# 7 yr old girl with explosive anger issues



## mom2happy (Sep 19, 2009)

My daughter seems to have inherited conflicting personality traits from me and my dh.
She has an highly sensitive nervous system like I do, but even more so.
She has always kind of "flipped out" about smells, sounds, sights, temperatures.......
I used to think something was very wrong with her when she was a toddler because she used to scream and lie on the floor inconsolably from certain smells. I didnt realize what it was and how to fix it until she was about 4.
She has a hard time tolerating a lot of things, but is learning to deal.
She is incredibly shy at school, but does well and has friends.
She's extremely artistic and has always been incredibly focused on what she is doing. She has very adult like conversations and is a deep thinker.
I am like this too and was as a child, but not to this extreme so I know how to deal with this and can empathize with her "hard time" in situations that are so easy for everyone else (heart racing, red cheeks, deer in the headlites looks, inablility to participate...

But- she also has this explosive uncontrollable anger that I cant relate to and have tried every way and so many books to try to help.
She spends little time with and doesnt like my mil, however I can see that she behaves in a lot of the ways mil does from what Ive heard from Dh (and dh used to- he learned to control himself when he realized I would be done with him years ago)
Mil and Dh have a history of completely losing it and screaming, yelling, throwing things in a pretty disgusting way. Thats the way she taught him to deal with things and with some help Dh has learned better coping strategies.

Its an intense wicked looking anger and almost temporary insanity!!
WHen dd is having these tantrums its like she is a rabid animal.
She screams and loses it pretty easily and says horrible things.
Today she told her 5 yr old little brother that she wishes he was a poop and that she could flush him so he's be gone forever.
She also says she wishes he was dead, she doesnt like him, wishes there was no such thing as him, is going to cut his nose off with scissors...
His existence sometimes is enough just to irk her.

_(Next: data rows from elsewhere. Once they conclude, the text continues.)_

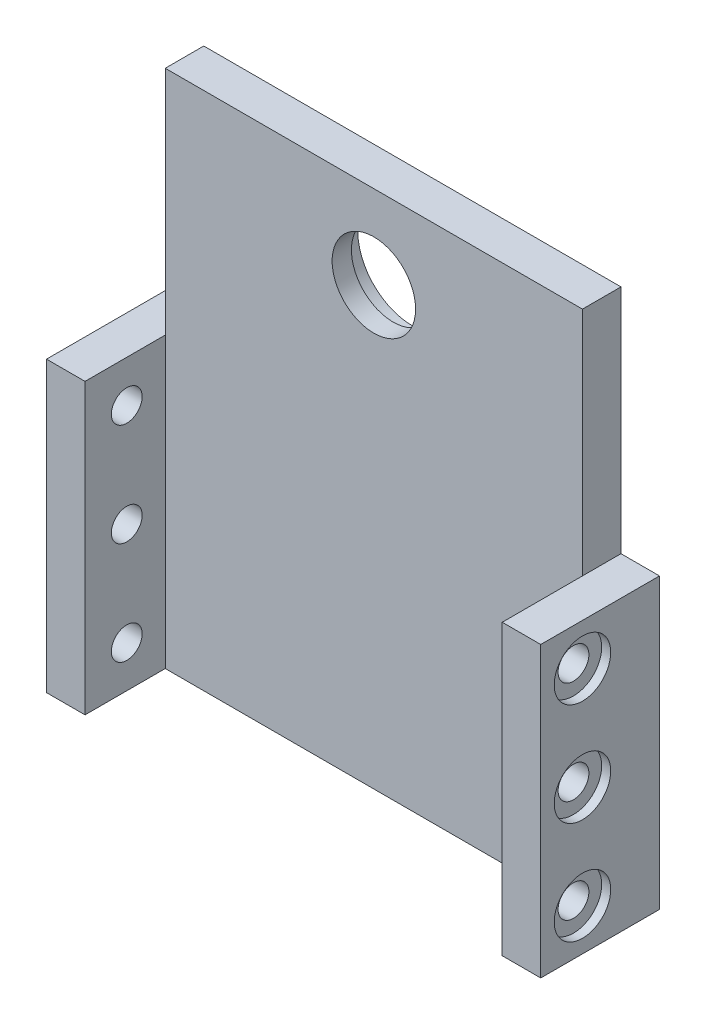
SolidWorks part; units mm, degrees
ref_plane "Plano frontal" through (0, 0, 0) normal (0, 0, 1) x (1, 0, 0)
ref_plane "Plano superior" through (0, 0, 0) normal (0, 1, 0) x (1, 0, 0)
ref_plane "Plano direito" through (0, 0, 0) normal (1, 0, 0) x (0, 0, -1)
sketch "Esboço1" plane through (0, 0, 0) normal (0, 0, 1) x (1, 0, 0)
  line L0 (16, -4.75) -> (16, -11.25) construction
  line L1 (16.25, -11.25) -> (-16.25, -11.25)
  line L2 (16.25, -11.25) -> (16.25, 29.25)
  line L3 (16.25, 29.25) -> (-16.25, 29.25)
  line L4 (-16.25, -11.25) -> (-16.25, 29.25)
  line L5 (-16, -11.25) -> (-16, -4.75) construction
  line L8 (-16.5, -11.25) -> (-10.25, -11.25) construction
  line L10 (-11, 29.25) -> (11, 29.25) construction
  dimension "D1" = 0.25
  dimension "D2" = 0.25
extrude "Ressalto-extrusão1" add sketch "Esboço1" against normal blind 3
sketch "Esboço4" plane through (-16.25, 0, 0) normal (-1, 0, 0) x (0, 0, 1)
  line L1 (-3, -11.25) -> (6.25, -11.25)
  line L2 (-3, -11.25) -> (-3, 11.25)
  line L3 (-3, 11.25) -> (6.25, 11.25)
  line L4 (6.25, -11.25) -> (6.25, 11.25)
  line L5 (6.5, -8.3463) -> (6.5, 13.8) construction
  line L6 (26.75, 11.25) -> (71.25, 11.25) construction
  dimension "D1" = 0.25
extrude "Ressalto-extrusão2" add sketch "Esboço4" along normal blind 3
mirror "Espelhar1" about plane through (0, 0, 0) normal (1, 0, 0) of "Ressalto-extrusão2"
sketch "Esboço5" plane through (0, 0, -3) normal (0, 0, -1) x (-1, 0, 0)
  circle A3 centre (0, 22.75) radius 4.25
  circle A4 centre (0, 22.75) radius 4 construction
  dimension "D1" = 0.25
extrude "Corte-extrusão1" cut sketch "Esboço5" against normal offset from surface (1.5 mm away) 1.5 up to face at (0, 9.75, 0)
sketch "Esboço6" plane through (0, 0, -3) normal (0, 0, -1) x (-1, 0, 0)
  circle A4 centre (0, 22.75) radius 3.25
  circle A5 centre (0, 22.75) radius 4 construction
  dimension "D1" = 0.75
extrude "Corte-extrusão2" cut sketch "Esboço6" against normal through all
hole_wizard "Rebaixo para parafuso com cabeça redonda de M21" positions "Esboço7" profile "Esboço8" counterbore size "M2" standard "DIN"
sketch "Esboço7" plane through (-19.25, 0, 0) normal (-1, 0, 0) x (0, 0, 1)
  circle A0 centre (3, 8) radius 1.25 construction
  point P0 (3, 8)
  point P6 (3, 0)
  point P9 (3, -8)
sketch "Esboço8" plane through (-19.25, 8, 3) normal (0, 1, 0) x (0, 0, 1)
  line L0 (0, 0) -> (0, 3)
  line L1 (0, 3) -> (1.2, 3)
  line L3 (1.2, 3) -> (1.2, 0.7)
  line L4 (1.2, 0.7) -> (2.2, 0.7)
  line L5 (2.2, 0.7) -> (2.2, 0)
  line L7 (2.2, 0) -> (0, 0)
  line L11 (0, -6.35) -> (0, 107.95) construction
  dimension "Thru Hole Dia." = 2.4
  dimension "Thru Hole Depth" = 3
  dimension "C'Bore Dia." = 4.4
  dimension "C'Bore Depth" = 0.7
mirror "Espelhar3" about plane through (0, 0, 0) normal (1, 0, 0) of "Rebaixo para parafuso com cabeça redonda de M21"

They spend plenty of time playing and loving each other but as soon as she doesnt get her way (she's a bit of a control freak) she flips.
Sometimes just him singing a song or making noises (which he does constantly and is really hard to deal with) makes her lose control.
He is extremely outgoing, full of energy and never stops. I can understand why that is hard for her to deal with, but I cant understand the rage she gets into.
She loves him so much and says things during the day like- look how cute he is when he does that.
During these tantrums I tell her she has to go into her room. I say she cannot scream like that in the house and say she wishes anyone were dead.
She doesnt even look like herself when she's in this state.
Its like shes even making herself sick. She says I cant stop, help me!
I say " you are so angry! I know you are mad.. and so on. I try to validate her feelings and say its ok to beangry but not to say such things. These are the things she says to who ever in the family she's angry at. Then she says its their fault she cant stop saying it.
Its so horrible and hard to be loving when she is acting like the devil.
When she is done, she comes out and says she is sorry and that she didnt mean all those things and that she doesnt know why she cant stop.

Things will be great for weeks and then it starts happening again.
Ds has realized what an impact his little annoying behaviors have on her and for entertainment he has started mimicking what she says.
I tell her to ignore it and tell him to stop but its getting to be impossible.

I also have a new baby and this has been the transition I guess.
Having less time to monitor things and having them both home all day together is a lot for them. They go from being best friends to her screaming at him when he doesnt do exactly what she wants. Then he is left with hurt feeling and a bit of vengeance until she says she's sorry.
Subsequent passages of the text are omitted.